32 The terms of the settlement achieved at the mediation are recorded in a deed of settlement and release dated 12 August 2014 ("deed"). The settlement sum has been received and is held in an interest bearing account nominated by the current liquidators.
33 By clause 2.1 of the deed, the settlement sum is to remain in the settlement account to abide the outcome of the application for court approval. Clause 2.2 of the deed provides that, in the event that the Court declines to approve the settlement in the deed, the current liquidators are to repay the settlement sum (together with any interest earned on that amount) to the solicitors for the first to fifth defendants within 48 hours.
34 Clause 6 of the deed provides for the release of the first to fifth defendants from "any and all claims, including but not limited to the TPS and Liquidators Claims and the Proceedings". The "TPS and Liquidators Claims" are the claims made in the originating process and affidavit in support annexing contentions and the further allegations made by letter dated 7 August 2014. The 7 August 2014 letter does not appear to be in evidence. It seems likely that it refers to, at least, the claim in fact propounded at the mediation that the defendants were liable to pay the costs of the litigation on the basis that the voluntary members winding up was the result of their wrongful conduct: cf Resource Equities. "Proceedings" is defined in the deed to mean this proceeding.

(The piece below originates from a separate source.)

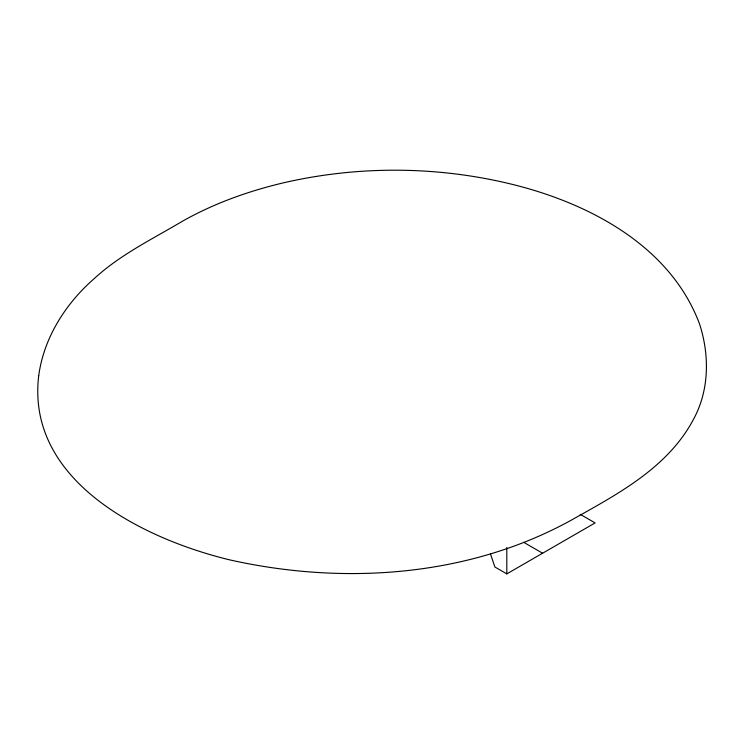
<?xml version="1.0" encoding="UTF-8"?>
<svg xmlns="http://www.w3.org/2000/svg" width="744" height="744" viewBox="0 0 744 744"><rect width="100%" height="100%" fill="white"/><g stroke="black" fill="none" stroke-linecap="round" stroke-linejoin="round"><path stroke-width="1.12" d="M490.454 553.88L494.881 567.002L506.813 573.884L595.098 522.92L580.181 514.309M523.711 542.32L542.599 553.22M506.813 547.482L506.813 573.884M38.707 375.757C25.984 481.601 144.011 539.214 229.887 559.916C342.9 585.221 467.241 577.074 570.044 520.846C616.246 494.844 667.452 468.413 693.361 419.56C709.441 390.219 709.683 354.981 699.444 323.696C669.795 244.841 587.09 202.266 509.575 183.712L506.357 182.94C433.185 165.958 356.153 165.958 282.98 182.94L279.763 183.712C245.78 192.054 212.626 204.116 182.141 221.405C152.148 239.215 120.203 254.699 94.321 278.516C65.723 303.459 43.794 337.692 38.707 375.757"/></g></svg>

35 The day after the mediation, Ms Thurai Rajah was informed by Mr Lancaster of the settlement with the first to fifth defendants, but not its terms. She was informed that the terms were required to be kept confidential until the application for Court approval under s 477(2A). In his letter informing Ms Thurai Rajah of the settlement, Mr Lancaster noted that an application for approval may not be made until November 2014 for reasons that included Ms Thurai Rajah's notified absence during September and October 2014.
36 The materials before me did not disclose any further mention by Ms Thurai Rajah of the bank guarantee after 11 August 2014, or any efforts on her part to seek information about the guarantee. There was no reference to any evidence of such matters in the written submissions on behalf of Azzopardi Industries and Azbuild.
37 In November 2014, the current liquidators' solicitors and counsel recommended that they accept the sixth defendant's offer of $5,000 subject to the Court's approval. The current liquidators accepted this advice.